Sorry about the stretching. Yes, indeed that is a _P. sativum_. ;P


----------



## 8ball (Jun 19, 2007)

thats 1 weird T lol


----------



## Shayna (Jun 19, 2007)

It's cool in my books.   
I might try this with some of my organic peas, did you cook it first?


----------



## Ando55 (Jun 19, 2007)

That's a first I see this T wanted more of and organic, higher in antioxidants diet.   Great stuff! :clap:


----------



## JungleGuts (Jun 19, 2007)

the question: did it eat the thing?


----------



## dukegarda (Jun 19, 2007)

Nope, it's raw. I did it with "Green Giant" frozen peas & carrots, picked out a few peas, thawed them out, and she accepted it readily. I wouldn't make it a regular thing though. How often is a T going to encounter a pea in the wild? 

I wouldn't use canned peas, just because of all the preservatives they add in.

JungleGuts see for yourself;


----------



## AubZ (Jun 20, 2007)

Oh my.  That pee is all shriveled up.  Definately the wierdest thing i've ever seen.


----------



## Cirith Ungol (Jun 20, 2007)

OH NAW!!! The poor pea!!


----------



## Alice (Jun 20, 2007)

lol, that's really funny. i don't imagine the rosie can do much with the nutrients in a pea, but it sure looks like she enjoys it


----------



## Cirith Ungol (Jun 20, 2007)

Alice said:


> lol, that's really funny. i don't imagine the rosie can do much with the nutrients in a pea, but it sure looks like she enjoys it


I'm sure it can suck all the water out of it, and that's not such a bad thing really


----------



## P. Novak (Jun 20, 2007)

haha wow that is very interesting!:clap: How did it take it?


----------



## Vys (Jun 20, 2007)

dukegarda said:


> Nope, it's raw. I did it with "Green Giant" frozen peas & carrots, picked out a few peas, thawed them out, and she accepted it readily. I wouldn't make it a regular thing though. How often is a T going to encounter a pea in the wild?

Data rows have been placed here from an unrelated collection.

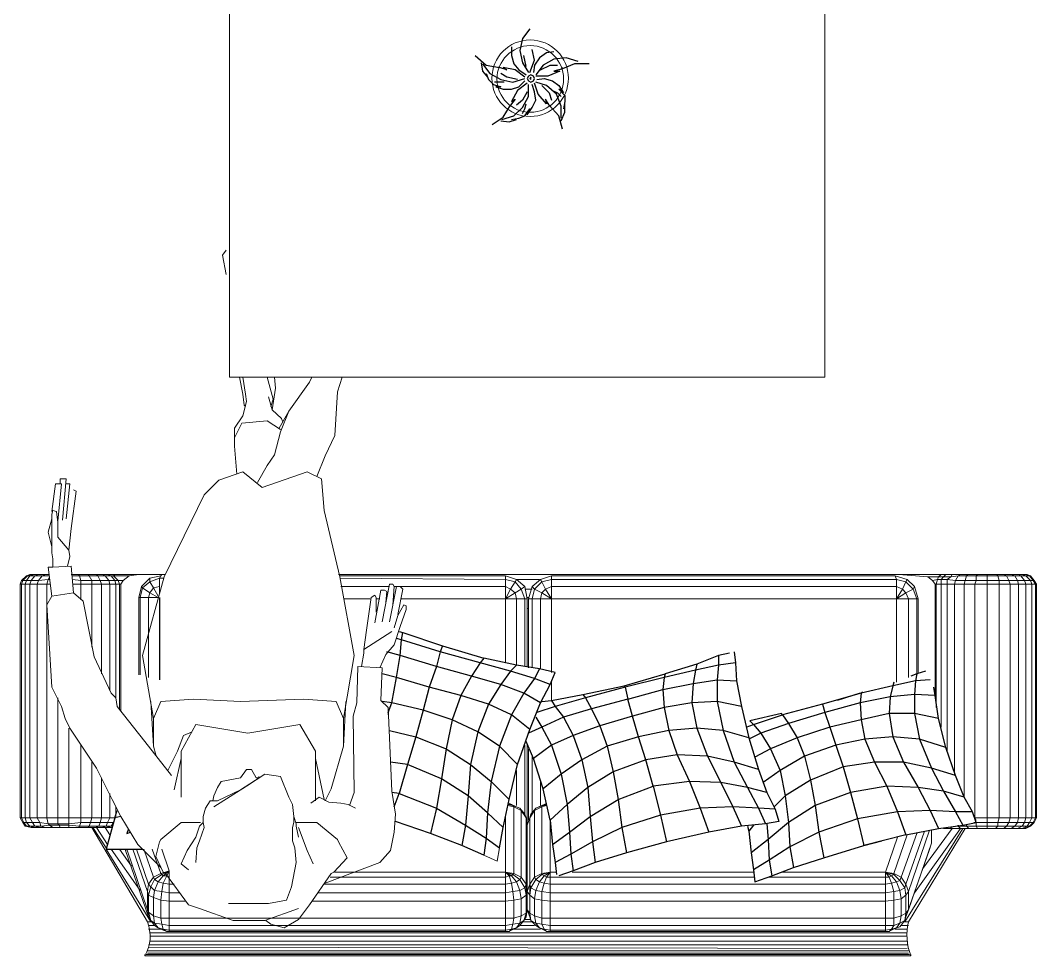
# Model space of a CAD drawing. Header units: inches. Extents: x 4.9 to 20.4, y 4.7 to 15.7.
# Drawn here: x 7.102 to 8.502, y 9.71 to 10.999 of the extents above; entities that cross this region are included whole.
import ezdxf

# ---------------------------------------------------------------- set-up
doc = ezdxf.new("R2010")
doc.units = ezdxf.units.IN
doc.header["$MEASUREMENT"] = 0
doc.layers.add('PDF_Geometry', color=7, linetype='Continuous')

# ---------------------------------------------------------------- blocks, each defined once
blk = doc.blocks.new('distribution 3')
at = {"layer": 'PDF_Geometry', "lineweight": 9}
for points in [[(5.585, 13.9337), (5.5083, 13.9337), (5.5083, 13.9488), (5.5083, 13.9654), (5.5083, 13.9804), (5.5083, 13.9954), (5.5083, 14.0087), (5.5083, 14.0188), (5.5083, 14.0254), (5.5083, 14.0304), (5.5083, 14.0321), (5.5017, 14.0288), (5.4967, 14.0254), (5.4967, 14.0237), (5.495, 14.0171), (5.4967, 14.0254)], [(5.83, 14.0321), (5.83, 14.0304), (5.83, 14.0254), (5.83, 14.0188), (5.83, 14.0087), (5.5083, 14.0087), (5.5017, 14.0054), (5.4967, 14.0038), (5.4967, 14.0121), (5.4967, 14.0188), (5.4967, 14.0237), (5.5017, 14.0271), (5.5083, 14.0304), (5.83, 14.0304), (5.835, 14.0288), (5.8417, 14.0221), (5.8417, 14.0188), (5.8417, 14.0121), (5.8417, 14.0021), (5.835, 14.0071), (5.83, 14.0087), (5.83, 13.9954), (5.5083, 13.9954), (5.5, 13.9938), (5.4983, 13.9921), (5.4983, 13.9787), (5.4983, 13.9654), (5.4967, 13.9504), (5.4967, 13.9371), (5.4967, 13.9238), (5.495, 13.9288)], [(5.5417, 13.9087), (5.5083, 13.9087), (5.5017, 13.9121), (5.5017, 13.9221), (5.5017, 13.9354), (5.5017, 13.9488), (5.5, 13.9654), (5.5, 13.9804), (5.5, 13.9938), (5.5017, 14.0054), (5.5017, 14.0154), (5.5017, 14.0237), (5.5017, 14.0271), (5.5017, 14.0288)], [(5.8433, 14.0171), (5.8417, 14.0221), (5.8417, 14.0237), (5.835, 14.0304), (5.83, 14.0321), (5.5083, 14.0321)], [(5.8367, 13.9921), (5.8367, 13.9938), (5.835, 14.0071), (5.835, 14.0171), (5.835, 14.0237), (5.835, 14.0288), (5.835, 14.0304)], [(5.8433, 14.0137), (5.8417, 14.0188), (5.835, 14.0237), (5.83, 14.0254), (5.5083, 14.0254), (5.5017, 14.0237), (5.4967, 14.0188), (5.495, 14.0121)], [(5.8433, 14.0071), (5.8417, 14.0121), (5.835, 14.0171), (5.83, 14.0188), (5.5083, 14.0188), (5.5017, 14.0154), (5.4967, 14.0121), (5.495, 14.0054)], [(5.6317, 13.9654), (5.5083, 13.9654), (5.5, 13.9654), (5.4983, 13.9654), (5.495, 13.9654), (5.495, 13.9771), (5.495, 13.9871), (5.495, 13.9971), (5.495, 14.0054), (5.495, 14.0121), (5.495, 14.0171)], [(5.8417, 13.9921), (5.8417, 14.0021), (5.8433, 13.9971), (5.8433, 14.0071), (5.8433, 14.0137), (5.8433, 14.0171), (5.8433, 14.0188), (5.8417, 14.0237)], [(5.495, 13.9971), (5.4967, 14.0038), (5.4983, 13.9921), (5.495, 13.9871)], [(5.8733, 13.9887), (5.865, 13.9871), (5.8533, 13.9871), (5.8533, 13.9938), (5.8133, 13.9887), (5.8017, 13.9954), (5.6883, 13.9887), (5.6617, 13.9754), (5.645, 13.9704), (5.6317, 13.9637), (5.5767, 13.9271), (5.5333, 13.9054), (5.51, 13.8938), (5.4717, 13.8704), (5.44, 13.8387)], [(5.5667, 13.8238), (5.6133, 13.8604), (5.6617, 13.8987), (5.6733, 13.9004), (5.68, 13.9071), (5.73, 13.9304), (5.8067, 13.9454), (5.8183, 13.9588), (5.855, 13.9621), (5.8533, 13.9871)], [(5.8133, 13.9887), (5.8183, 13.9588)], [(5.84, 13.9921), (5.8367, 13.9938), (5.83, 13.9954), (5.83, 13.9904)], [(5.8433, 13.9921), (5.8433, 13.9971)], [(5.8767, 13.9654), (5.895, 13.9804), (5.915, 13.9804), (5.93, 13.9821), (5.9317, 13.9871), (5.9267, 13.9887), (5.9, 13.9887), (5.8733, 13.9887), (5.8983, 13.9887)], [(5.92, 13.9887), (5.9017, 13.9938), (5.8817, 13.9887)], [(5.9183, 13.9804), (5.9167, 13.9804), (5.9683, 13.9754), (5.9683, 13.9804), (5.9683, 13.9838), (5.93, 13.9887)], [(5.6733, 13.9804), (5.5083, 13.9804), (5.5, 13.9804), (5.4983, 13.9787), (5.495, 13.9771)], [(5.9183, 13.9738), (5.975, 13.9688), (5.975, 13.9721), (5.975, 13.9771), (5.9683, 13.9771)], [(5.6083, 13.9488), (5.5083, 13.9488), (5.5017, 13.9488), (5.4967, 13.9504), (5.495, 13.9521), (5.495, 13.9654)], [(5.8367, 13.9604), (5.835, 13.9488), (5.835, 13.9337), (5.835, 13.9221), (5.835, 13.9104), (5.835, 13.9021), (5.835, 13.8971), (5.835, 13.8904), (5.83, 13.8938), (5.655, 13.8938)], [(5.8433, 13.9621), (5.8433, 13.9521), (5.8433, 13.9388), (5.8433, 13.9271), (5.8433, 13.9187), (5.8417, 13.9154), (5.8417, 13.9254), (5.835, 13.9221), (5.83, 13.9204), (5.7067, 13.9204)], [(5.8417, 13.9604), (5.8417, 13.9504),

Haha, I've had a few of mine eat thawed block of cod, but this...I'd suspect it's because the intelligence level of the tarantula approaches that of the pea =)


----------



## Cirith Ungol (Jun 20, 2007)

Come to think of it, one thing I'm not sure of is if it's a waste of good digestive juices for the T. There is no problem if the juices can just as much digest the vegetable as they digest an insect, but I doubt(! - not know for a fact) that they are designed to deal with plant matter. (That besides the obvious difference in contents of a pea and an insect.)

Thinking even further, if looking at a few other animals and recalling what I've heard in documentaries, digesting plant matter is quite a tough thing. That's why many of the plant eaters and grazers have such enormous and bulky bellies. The "aparatus" needs room and they have to eat quite a lot to sustain themselves  (But yes, ofcourse I'm comparing to mammals, which have a much higher metabolism and thus need a lot more anyway.)

Only looking at the above I'd agree, best not to try this too often.


----------



## Becky (Jun 20, 2007)

Cirith Ungol said:


> Come to think of it, one thing I'm not sure of is if it's a waste of good digestive juices for the T. There is no problem if the juices can just as much digest the vegetable as they digest an insect, but I doubt(! - not know for a fact) that they are designed to deal with plant matter. (That besides the obvious difference in contents of a pea and an insect.)
> .


They obviously are designed for it coz that T dissolved it! lol If it can dissolve a cricket or cockroaches insides, it can kill a pea


----------



## Moltar (Jun 20, 2007)

That's cool! It may be the cutest thing i've ever seen a tarantula do. I'm trying it with my little 'Gammy'


----------



## bushbuster (Jun 20, 2007)

Did she go into stealth mode and stalk the Pea? lol


----------



## dtknow (Jun 20, 2007)

I think she just mashed it up to obtain moisture, no?


----------



## Merfolk (Jun 20, 2007)

They are some of the nutrients T's need in peas but I think it's not sufficient.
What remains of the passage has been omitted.